Textile dual-band (NFC-A4WP) combiner electromagnetic field emission cartography.

Proof of concept

The textile Dual-band Near Field multiple combiners aim to improve body-centric communication, which means creating power and data transfer between a smartphone (Samsung A6 with NXP TagInfo Android application) and body sensors (FreeStyle Libre, a continuous monitoring sensor from Abott Diabetes Care). To demonstrate the feasibility of the device proof of concept has been realized. The textile dual-band near field multiple combiners have been integrated into trousers to establish an electromagnetic connection (power and data) between a smartphone, placed in the pocket, and a physiological parameters sensor, placed on the ankle. Figure 7 presents the complete device, the sensor, and the data transmitted.

Figure 7

(a) The textile dual-band near field multiple combiner proof of concept, (b) the data transmitted and (c) the sensor.

Conclusion

This paper deals with the usage of a fully textile structure aimed to distribute energy around the body by using inductive resonant coupling. That energy may come from a device (e.g. smartphone or wireless power bank) that can support either the NFC or the A4WP technology. The developed structure already resonates at A4WP and NFC standard frequencies (6.78 and 13.56 MHz), but the embroidering process enables large flexibility in the operating frequency. Indeed, it depends on the structure geometry as shown in the previous equations.
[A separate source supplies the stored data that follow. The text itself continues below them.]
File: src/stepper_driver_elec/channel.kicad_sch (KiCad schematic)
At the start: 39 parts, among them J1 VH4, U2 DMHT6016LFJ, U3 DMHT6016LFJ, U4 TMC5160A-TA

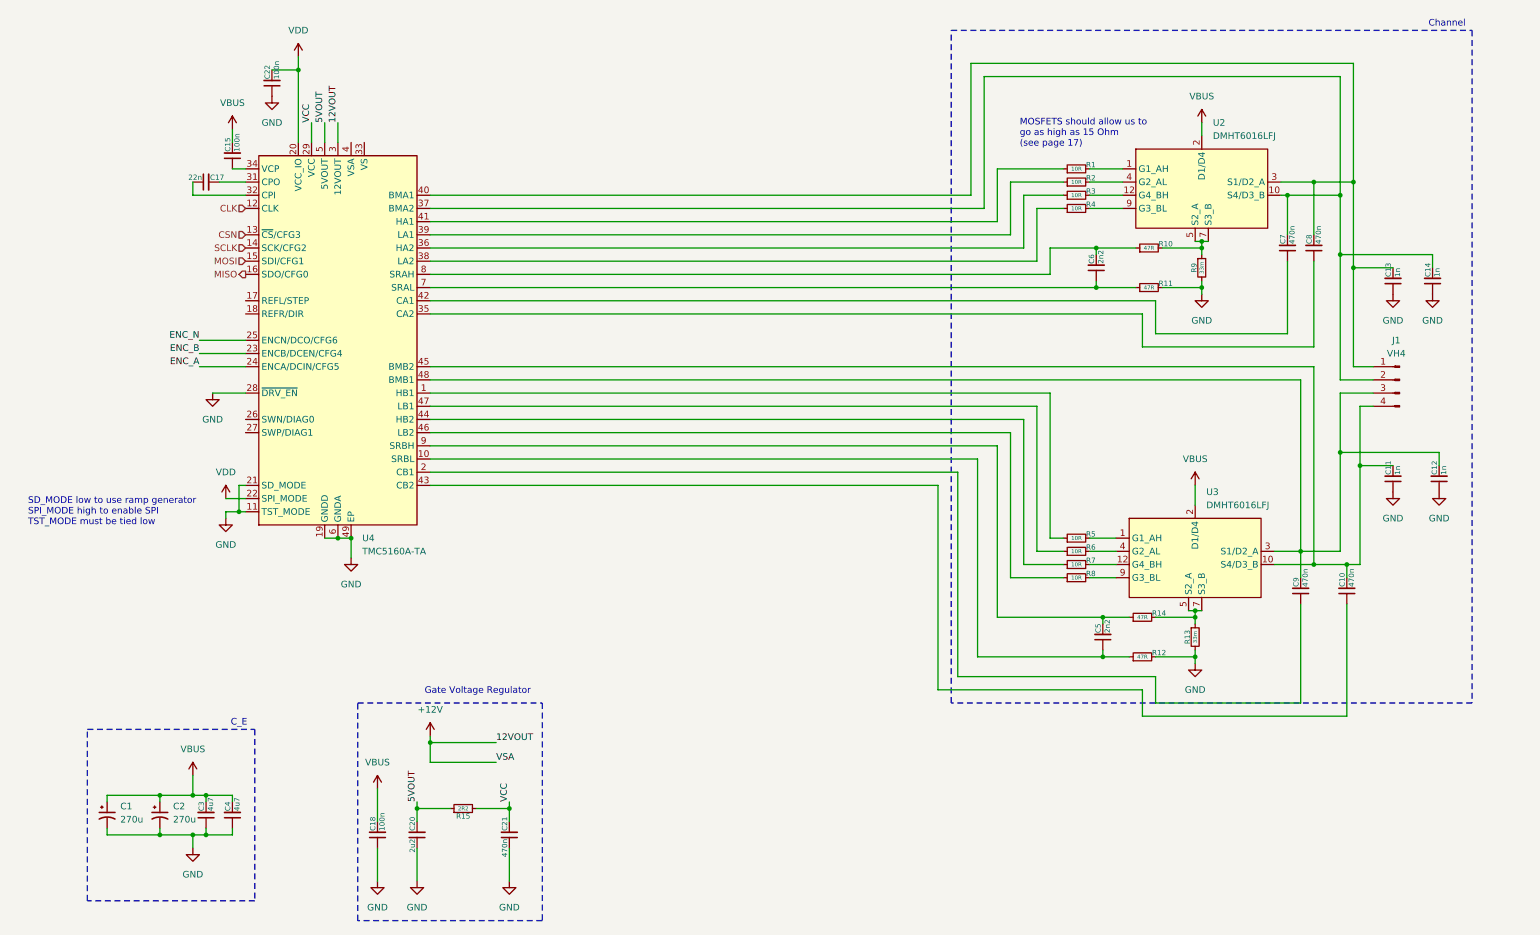
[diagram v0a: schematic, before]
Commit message: Add documentation for choices and capacitor specs
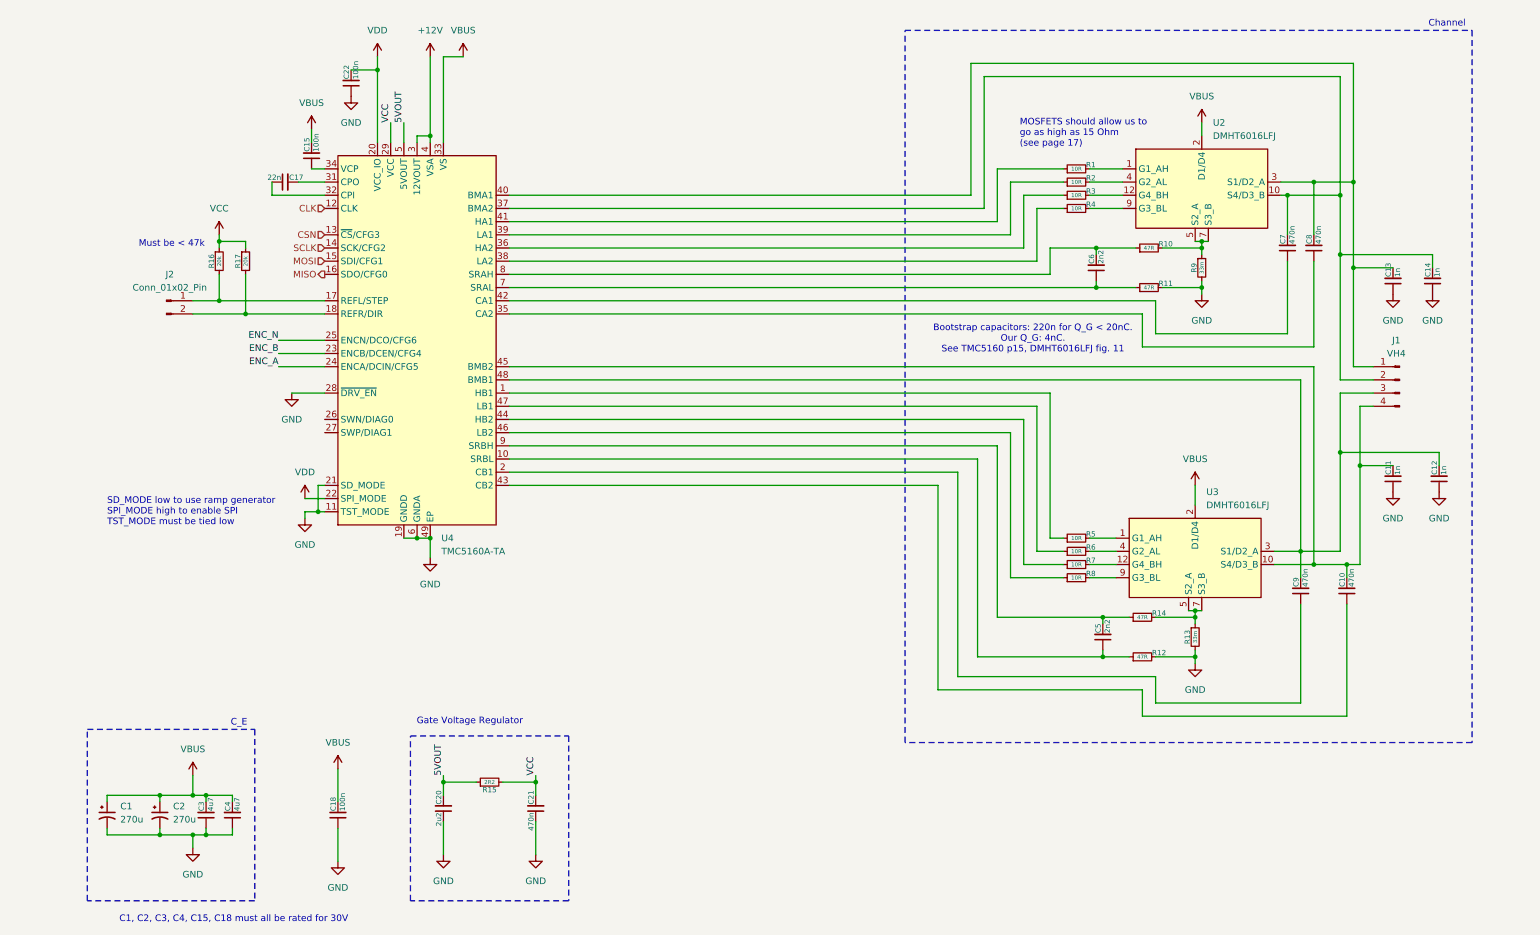
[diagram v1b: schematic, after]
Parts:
- added J2: Conn_01x02_Pin, symbol Connector:Conn_01x02_Pin
- added R16, R17: 20k, symbol Bluesat:R_CompactV
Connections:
- net +12V: now also U4.4 (VSA)
- net D1/D4: now also U4.33 (VS)
- net VCC: now also R16.1, R17.1
- net at U4.17 (REFL/STEP): now also J2.1 (Pin_1), R16.2
- net at U4.18 (REFR/DIR): now also J2.2 (Pin_2), R17.2
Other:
- note added: "Bootstrap capacitors: 220n for Q_G < 20nC. Our Q_G: 4nC. See TMC5160 p15, DMHT6016LFJ fig. 11"
- note added: "C1, C2, C3, C4, C15, C18 must all be rated for 30V"
- note added: "Must be < 47k"
- moved on the sheet: C15, C17, C18, C20, C21, C22, R15, U4

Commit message: Add net labels, fix certain layout things to be clearer
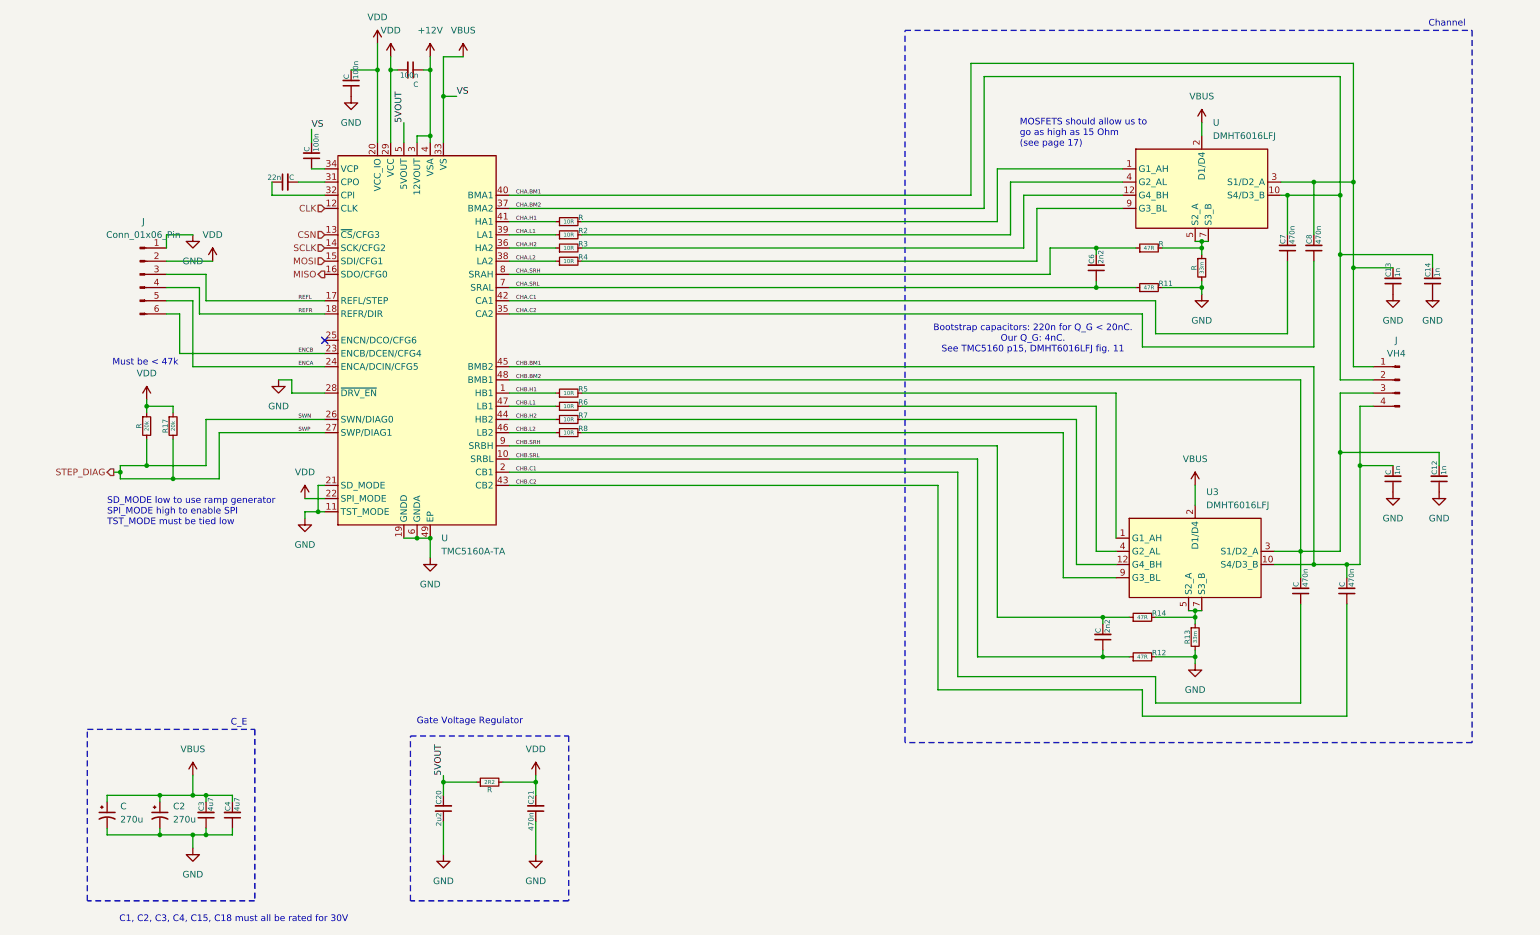
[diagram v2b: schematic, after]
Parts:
- removed J2: Conn_01x02_Pin, symbol Connector:Conn_01x02_Pin
- added J: Conn_01x06_Pin, symbol Connector:Conn_01x06_Pin
- renumbered C10 to C, C9 to C, C1 to C, C17 to C, C18 to C, C22 to C, C11 to C, C15 to C, C5 to C, J1 to J, R16 to R, R9 to R, R10 to R, R15 to R, R1 to R, U2 to U, U4 to U
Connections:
- net VCC is gone; now on net VDD: C21.2, R.1, R.2, R17.1, U.29 (VCC)
- net +12V: now also C.1
- net D1/D4: no longer C.2
- net GND: now also J.1 (Pin_1); no longer C.1
- net VDD: now also C.2, J.2 (Pin_2)
- net CHB.C2: now reaches C.1, U.43 (CB2)
- net CHB.BM1: now reaches C.2, C.2, J.4 (Pin_4), U.45 (BMB2), U3.10 (S4/D3_B)
- net CHA.SRL: now reaches C6.1, R11.1, U.7 (SRAL)
- net CHB.BM2: now reaches C.2, C12.2, J.3 (Pin_3), U.48 (BMB1), U3.3 (S1/D2_A)
- net CHB.H2: now reaches R7.1, U.44 (HB2)
- net CHB.C1: now reaches C.1, U.2 (CB1)
- net REFL: now reaches U.17 (REFL/STEP)
- net REFL: now also J.3 (Pin_3); no longer R.2
- net REFR: now reaches U.18 (REFR/DIR)
- net REFR: now also J.4 (Pin_4); no longer R17.2
- net CHB.L1: now reaches R6.1, U.47 (LB1)
- net CHA.L2: now reaches R4.1, U.38 (LA2)
- net CHA.SRH: now reaches C6.2, R.1, U.8 (SRAH)
- net CHB.H1: now reaches R5.1, U.1 (HB1)
- net CHA.H2: now reaches R3.1, U.36 (HA2)
- net CHA.BM2: now reaches C14.2, C7.2, J.2 (Pin_2), U.10 (S4/D3_B), U.37 (BMA2)
- net CHA.BM1: now reaches C13.2, C8.2, J.1 (Pin_1), U.3 (S1/D2_A), U.40 (BMA1)
- net CHA.C1: now reaches C7.1, U.42 (CA1)
- net CHB.SRL: now reaches C.1, R12.1, U.10 (SRBL)
- net STEP_DIAG: now reaches U.26 (SWN/DIAG0)
- net STEP_DIAG: now also R.2, R17.2, U.27 (SWP/DIAG1)
- net CHA.C2: now reaches C8.1, U.35 (CA2)
- net CHA.L1: now reaches R2.1, U.39 (LA1)
- net CHA.H1: now reaches R.1, U.41 (HA1)
- net CHB.L2: now reaches R8.1, U.46 (LB2)
- net CHB.SRH: now reaches C.2, R14.1, U.9 (SRBH)
- net ENC_A renamed ENCA
- net ENCA: now also J.5 (Pin_5)
- net ENC_B renamed ENCB
- net ENCB: now also J.6 (Pin_6)
- net ENC_N: no longer names the net of U.25 (ENCN/DCO/CFG6)
- no-connect marks 0 -> 1
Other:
- moved on the sheet: C, R, R17, R2, R3, R4, R5, R6, R7, R8

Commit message: Add TVS Diodes (no sex component yet 😔)
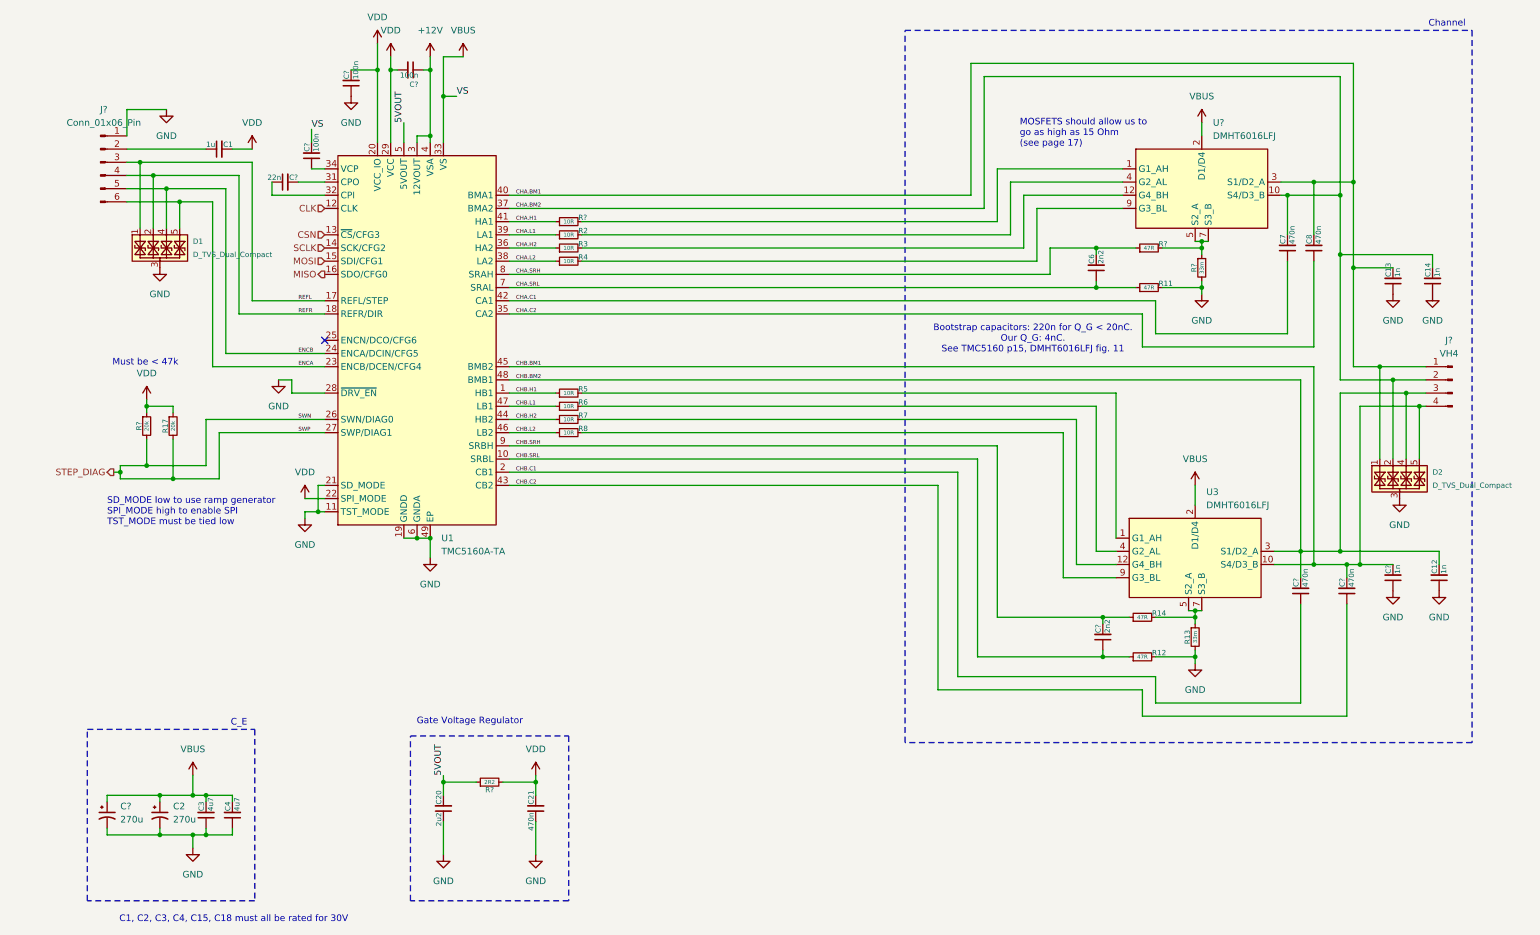
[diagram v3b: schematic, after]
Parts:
- added C1: 1u, symbol Bluesat:C_CompactH
- added D1, D2: D_TVS_Dual_Compact, symbol Bluesat:D_TVS_Quad_Compact
- renumbered C to C?, J to J?, R to R?, U to U1, U to U?
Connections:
- net CHA.BM1: now also D2.1, D2.10
- net CHA.BM2: now also D2.2, D2.9
- net CHB.BM1: now also D2.5, D2.6
- net CHB.BM2: now also D2.4, D2.7
- net ENCA: now also J?.6 (Pin_6), U1.23 (ENCB/DCEN/CFG4), D1.5, D1.6; no longer J?.5 (Pin_5), U1.24 (ENCA/DCIN/CFG5)
- net ENCB: now also J?.5 (Pin_5), U1.24 (ENCA/DCIN/CFG5), D1.4, D1.7; no longer J?.6 (Pin_6), U1.23 (ENCB/DCEN/CFG4)
- net GND: now also D1.3, D1.8, D2.3, D2.8
- net REFL: now also D1.1, D1.10
- net REFR: now also D1.2, D1.9
- net VDD: now also C1.2; no longer J?.2 (Pin_2)
- new net: C1.1, J?.2 (Pin_2)
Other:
- moved on the sheet: C12, C?, J?

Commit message: Put channels on NEN, add ARGB & Thermistor
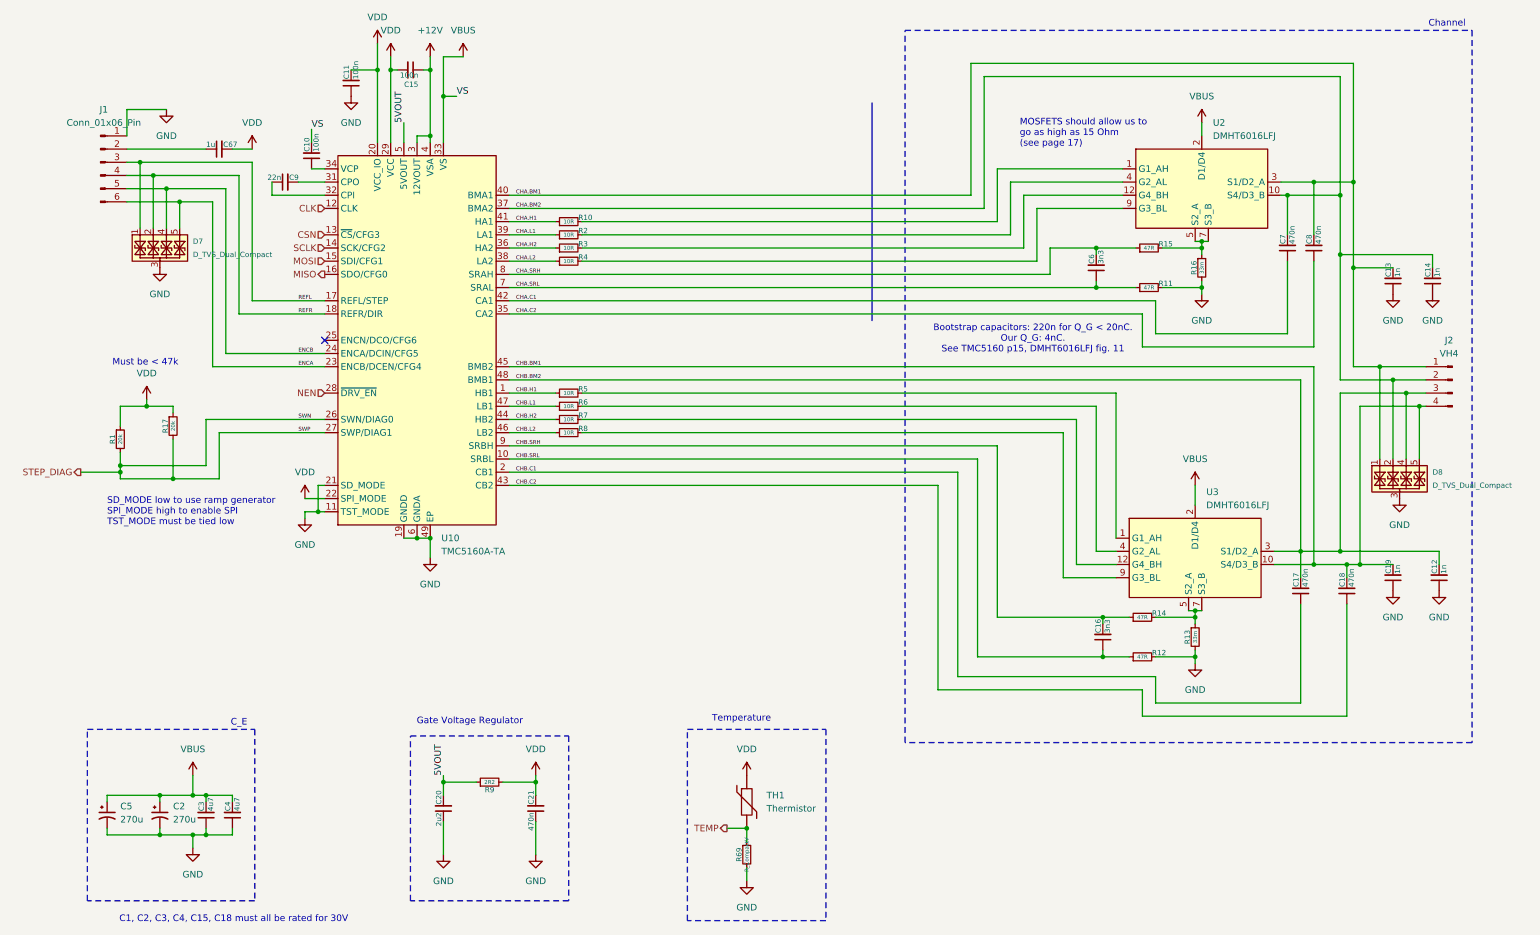
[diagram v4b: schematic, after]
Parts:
- added R69: R_CompactV, symbol Bluesat:R_CompactV
- added TH1: Thermistor, symbol Device:Thermistor
- C16: renamed from C?; value 2n2 -> 3n3
- C6: value 2n2 -> 3n3
- gave numbers to parts that had none: 16
- renumbered C1 to C67, D1 to D7, D2 to D8, U1 to U10
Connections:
- net GND: now also R69.2; no longer U10.28 (~{DRV_EN})
- net VDD: now also TH1.1
- new net NEN: U10.28 (~{DRV_EN})
- new net TEMP: R69.1, TH1.2
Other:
- note added: "Temperature"
- moved on the sheet: R1

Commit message: Add RC BW calculation
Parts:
- R69: value R_CompactV -> 10k
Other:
- note added: "BW=1/(47R*2 * 3n3 * 2π=513 Hz"
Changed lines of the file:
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@@
 		)
 	)
+	(text "BW=1/(47R*2 * 3n3 * 2π=513 Hz"
+		(exclude_from_sim no)
+		(at 210.058 65.024 0)
+		(effects
+			(font
+				(size 0.762 0.762)
+			)
+		)
+	)
 	(text "Temperature"
 		(exclude_from_sim no)
@@
 			)
 		)
-		(property "Value" "R_CompactV"
+		(property "Value" "10k"
 			(at 142.24 176.53 90)
 			(do_not_autoplace yes)

That means it is possible to develop a textile combiner with any resonant frequencies in the MHz range by adjusting the turn number, the radius, or the transmission line length. The entire structure can be embroidered without the need to raise the needle of the industrial machine used, this process is also repeatable and fast (5 min of production for a prototype). Consequently, the proposed method is already adapted to an industrial purpose. Although the combiner may contain several output coupling antennas, the shown prototype is limited to a 2 coils antenna combiner that serves to gain numerical modelling and measurement results pointing out the behaviour analytically forecastedcxs. Finally, losses caused by the textile dual-band near-field multiple combiners are acceptable for RFID applications, even if they can be reduced. For example, by working on impedance adaptation.